Causes of Uniparental Disomy[edit]
Uniparental disomy can arise from several mechanisms, including:
- Trisomy Rescue: This is the most common mechanism, where a trisomic zygote loses one chromosome to restore a normal diploid number, potentially resulting in UPD if the remaining chromosomes are from the same parent.
- Monosomy Rescue: A monosomic zygote duplicates its single chromosome to restore diploidy, leading to isodisomy.
- Gamete Complementation: This occurs when a gamete with no copies of a chromosome is fertilized by a gamete with two copies.
Clinical Implications[edit]
The clinical consequences of UPD depend on the specific chromosomes involved and whether the genes on those chromosomes are subject to genomic imprinting. Some known conditions associated with UPD include:
- Prader-Willi Syndrome: Often caused by maternal uniparental disomy of chromosome 15.

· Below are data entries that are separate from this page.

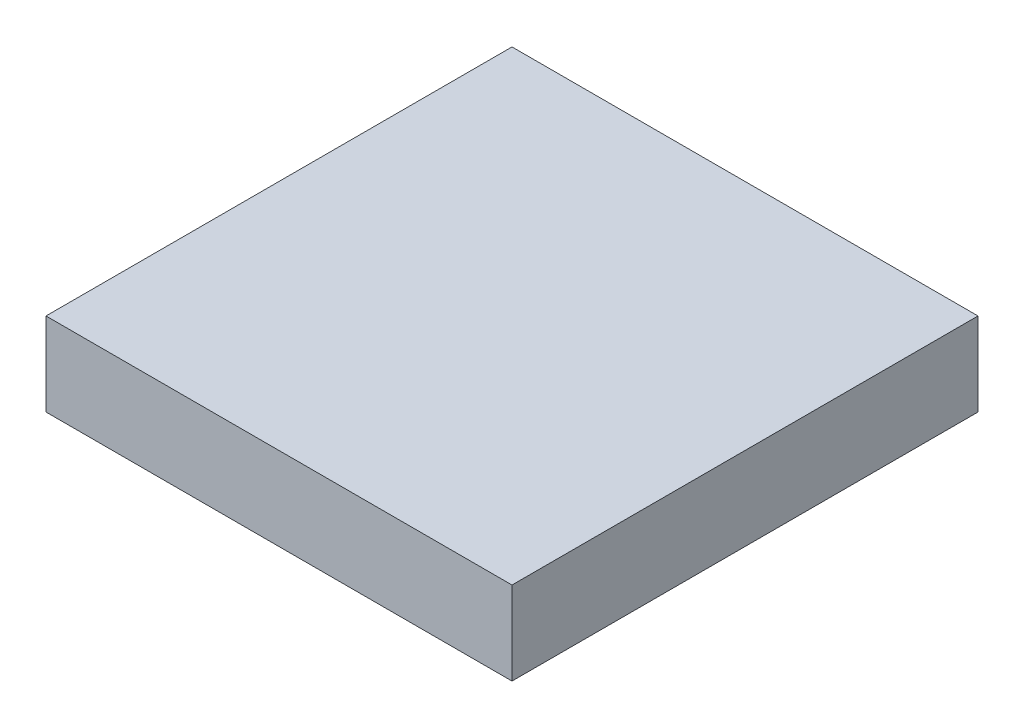
ISO-10303-21;
HEADER;
FILE_DESCRIPTION(('STEP AP214'),'2;1');
FILE_NAME('part.step','',(''),(''),'','','');
FILE_SCHEMA(('AUTOMOTIVE_DESIGN { 1 0 10303 214 1 1 1 1 }'));
ENDSEC;
DATA;
#1=APPLICATION_CONTEXT('core data for automotive mechanical design processes');
#2=APPLICATION_PROTOCOL_DEFINITION('international standard','automotive_design',2000,#1);
#3=PRODUCT_CONTEXT('',#1,'mechanical');
#4=PRODUCT('Part','Part','',(#3));
#5=PRODUCT_RELATED_PRODUCT_CATEGORY('part','',(#4));
#6=PRODUCT_DEFINITION_FORMATION('','',#4);
#7=PRODUCT_DEFINITION_CONTEXT('part definition',#1,'design');
#8=PRODUCT_DEFINITION('design','',#6,#7);
#9=PRODUCT_DEFINITION_SHAPE('','',#8);
#10=(LENGTH_UNIT() NAMED_UNIT(*) SI_UNIT(.MILLI.,.METRE.));
#11=(NAMED_UNIT(*) PLANE_ANGLE_UNIT() SI_UNIT($,.RADIAN.));
#12=(NAMED_UNIT(*) SI_UNIT($,.STERADIAN.) SOLID_ANGLE_UNIT());
#13=UNCERTAINTY_MEASURE_WITH_UNIT(LENGTH_MEASURE(1.E-05),#10,'distance_accuracy_value','');
#14=(GEOMETRIC_REPRESENTATION_CONTEXT(3) GLOBAL_UNCERTAINTY_ASSIGNED_CONTEXT((#13)) GLOBAL_UNIT_ASSIGNED_CONTEXT((#10,
#11,#12)) REPRESENTATION_CONTEXT('',''));
#15=CARTESIAN_POINT('',(0.,0.,0.));
#16=DIRECTION('',(0.,0.,1.));
#17=DIRECTION('',(1.,0.,0.));
#18=AXIS2_PLACEMENT_3D('',#15,#16,#17);
#19=CARTESIAN_POINT('',(-355.6,127.,-355.6));
#20=DIRECTION('',(1.,0.,0.));
#21=DIRECTION('',(0.,0.,-1.));
#22=AXIS2_PLACEMENT_3D('',#19,#20,#21);
#23=PLANE('',#22);
#24=DIRECTION('',(0.,0.,1.));
#25=VECTOR('',#24,1.);
#26=CARTESIAN_POINT('',(-355.6,0.,-355.6));
#27=LINE('',#26,#25);
#28=CARTESIAN_POINT('',(-355.6,0.,-355.6));
#29=VERTEX_POINT('',#28);
#30=CARTESIAN_POINT('',(-355.6,0.,355.6));
#31=VERTEX_POINT('',#30);
#32=EDGE_CURVE('E111',#29,#31,#27,.T.);
#33=ORIENTED_EDGE('',*,*,#32,.T.);
#34=DIRECTION('',(0.,-1.,0.));
#35=VECTOR('',#34,1.);
#36=CARTESIAN_POINT('',(-355.6,127.,355.6));
#37=LINE('',#36,#35);
#38=CARTESIAN_POINT('',(-355.6,127.,355.6));
#39=VERTEX_POINT('',#38);
#40=EDGE_CURVE('E11',#39,#31,#37,.T.);
#41=ORIENTED_EDGE('',*,*,#40,.F.);
#42=DIRECTION('',(0.,0.,1.));
#43=VECTOR('',#42,1.);
#44=CARTESIAN_POINT('',(-355.6,127.,-355.6));
#45=LINE('',#44,#43);
#46=CARTESIAN_POINT('',(-355.6,127.,-355.6));
#47=VERTEX_POINT('',#46);
#48=EDGE_CURVE('E95',#47,#39,#45,.T.);
#49=ORIENTED_EDGE('',*,*,#48,.F.);
#50=DIRECTION('',(0.,-1.,0.));
#51=VECTOR('',#50,1.);
#52=CARTESIAN_POINT('',(-355.6,127.,-355.6));
#53=LINE('',#52,#51);
#54=EDGE_CURVE('E107',#47,#29,#53,.T.);
#55=ORIENTED_EDGE('',*,*,#54,.T.);
#56=EDGE_LOOP('',(#33,#41,#49,#55));
#57=FACE_BOUND('',#56,.T.);
#58=ADVANCED_FACE('F43',(#57),#23,.F.);
#59=CARTESIAN_POINT('',(355.6,127.,355.6));
#60=DIRECTION('',(0.,0.,-1.));
#61=DIRECTION('',(-1.,0.,0.));
#62=AXIS2_PLACEMENT_3D('',#59,#60,#61);
#63=PLANE('',#62);
#64=DIRECTION('',(1.,0.,0.));
#65=VECTOR('',#64,1.);
#66=CARTESIAN_POINT('',(355.6,0.,355.6));
#67=LINE('',#66,#65);
#68=CARTESIAN_POINT('',(355.6,0.,355.6));
#69=VERTEX_POINT('',#68);
#70=EDGE_CURVE('E100',#31,#69,#67,.T.);
#71=ORIENTED_EDGE('',*,*,#70,.T.);
#72=DIRECTION('',(0.,-1.,0.));
#73=VECTOR('',#72,1.);
#74=CARTESIAN_POINT('',(355.6,127.,355.6));
#75=LINE('',#74,#73);
#76=CARTESIAN_POINT('',(355.6,127.,355.6));
#77=VERTEX_POINT('',#76);
#78=EDGE_CURVE('E52',#77,#69,#75,.T.);
#79=ORIENTED_EDGE('',*,*,#78,.F.);
#80=DIRECTION('',(1.,0.,0.));
#81=VECTOR('',#80,1.);
#82=CARTESIAN_POINT('',(355.6,127.,355.6));
#83=LINE('',#82,#81);
#84=EDGE_CURVE('E90',#39,#77,#83,.T.);
#85=ORIENTED_EDGE('',*,*,#84,.F.);
#86=ORIENTED_EDGE('',*,*,#40,.T.);
#87=EDGE_LOOP('',(#71,#79,#85,#86));
#88=FACE_BOUND('',#87,.T.);
#89=ADVANCED_FACE('F99',(#88),#63,.F.);
#90=CARTESIAN_POINT('',(355.6,127.,-355.6));
#91=DIRECTION('',(-1.,0.,0.));
#92=DIRECTION('',(0.,0.,1.));
#93=AXIS2_PLACEMENT_3D('',#90,#91,#92);
#94=PLANE('',#93);
#95=DIRECTION('',(0.,0.,-1.));
#96=VECTOR('',#95,1.);
#97=CARTESIAN_POINT('',(355.6,0.,-355.6));
#98=LINE('',#97,#96);
#99=CARTESIAN_POINT('',(355.6,0.,-355.6));
#100=VERTEX_POINT('',#99);
#101=EDGE_CURVE('E77',#69,#100,#98,.T.);
#102=ORIENTED_EDGE('',*,*,#101,.T.);
#103=DIRECTION('',(0.,-1.,0.));
#104=VECTOR('',#103,1.);
#105=CARTESIAN_POINT('',(355.6,127.,-355.6));
#106=LINE('',#105,#104);
#107=CARTESIAN_POINT('',(355.6,127.,-355.6));
#108=VERTEX_POINT('',#107);
#109=EDGE_CURVE('E102',#108,#100,#106,.T.);
#110=ORIENTED_EDGE('',*,*,#109,.F.);
#111=DIRECTION('',(0.,0.,-1.));
#112=VECTOR('',#111,1.);
#113=CARTESIAN_POINT('',(355.6,127.,-355.6));
#114=LINE('',#113,#112);
#115=EDGE_CURVE('E93',#77,#108,#114,.T.);
#116=ORIENTED_EDGE('',*,*,#115,.F.);
#117=ORIENTED_EDGE('',*,*,#78,.T.);
#118=EDGE_LOOP('',(#102,#110,#116,#117));
#119=FACE_BOUND('',#118,.T.);
#120=ADVANCED_FACE('F103',(#119),#94,.F.);
#121=CARTESIAN_POINT('',(355.6,127.,-355.6));
#122=DIRECTION('',(0.,0.,1.));
#123=DIRECTION('',(1.,0.,0.));
#124=AXIS2_PLACEMENT_3D('',#121,#122,#123);
#125=PLANE('',#124);
#126=DIRECTION('',(-1.,0.,0.));
#127=VECTOR('',#126,1.);
#128=CARTESIAN_POINT('',(355.6,0.,-355.6));
#129=LINE('',#128,#127);
#130=EDGE_CURVE('E83',#100,#29,#129,.T.);
#131=ORIENTED_EDGE('',*,*,#130,.T.);
#132=ORIENTED_EDGE('',*,*,#54,.F.);
#133=DIRECTION('',(-1.,0.,0.));
#134=VECTOR('',#133,1.);
#135=CARTESIAN_POINT('',(355.6,127.,-355.6));
#136=LINE('',#135,#134);
#137=EDGE_CURVE('E60',#108,#47,#136,.T.);
#138=ORIENTED_EDGE('',*,*,#137,.F.);
#139=ORIENTED_EDGE('',*,*,#109,.T.);
#140=EDGE_LOOP('',(#131,#132,#138,#139));
#141=FACE_BOUND('',#140,.T.);
#142=ADVANCED_FACE('F124',(#141),#125,.F.);
#143=CARTESIAN_POINT('',(0.,127.,0.));
#144=DIRECTION('',(0.,-1.,0.));
#145=DIRECTION('',(0.,0.,-1.));
#146=AXIS2_PLACEMENT_3D('',#143,#144,#145);
#147=PLANE('',#146);
#148=ORIENTED_EDGE('',*,*,#48,.T.);
#149=ORIENTED_EDGE('',*,*,#84,.T.);
#150=ORIENTED_EDGE('',*,*,#115,.T.);
#151=ORIENTED_EDGE('',*,*,#137,.T.);
#152=EDGE_LOOP('',(#148,#149,#150,#151));
#153=FACE_BOUND('',#152,.T.);
#154=ADVANCED_FACE('F91',(#153),#147,.F.);
#155=CARTESIAN_POINT('',(0.,0.,0.));
#156=DIRECTION('',(0.,-1.,0.));
#157=DIRECTION('',(0.,0.,-1.));
#158=AXIS2_PLACEMENT_3D('',#155,#156,#157);
#159=PLANE('',#158);
#160=ORIENTED_EDGE('',*,*,#32,.F.);
#161=ORIENTED_EDGE('',*,*,#130,.F.);
#162=ORIENTED_EDGE('',*,*,#101,.F.);
#163=ORIENTED_EDGE('',*,*,#70,.F.);
#164=EDGE_LOOP('',(#160,#161,#162,#163));
#165=FACE_BOUND('',#164,.T.);
#166=ADVANCED_FACE('F127',(#165),#159,.T.);
#167=CLOSED_SHELL('',(#58,#89,#120,#142,#154,#166));
#168=MANIFOLD_SOLID_BREP('B2',#167);
#169=ADVANCED_BREP_SHAPE_REPRESENTATION('',(#18,#168),#14);
#170=SHAPE_DEFINITION_REPRESENTATION(#9,#169);
ENDSEC;
END-ISO-10303-21;

- Angelman Syndrome: Can result from paternal uniparental disomy of chromosome 15.
- Beckwith-Wiedemann Syndrome: Associated with paternal uniparental disomy of chromosome 11.
Diagnosis[edit]
Diagnosis of UPD typically involves genetic testing, such as:
- Karyotyping: To identify chromosomal abnormalities.
- Molecular Genetic Testing: Techniques like SNP arrays or microsatellite analysis can detect UPD by identifying regions of homozygosity or lack of heterozygosity.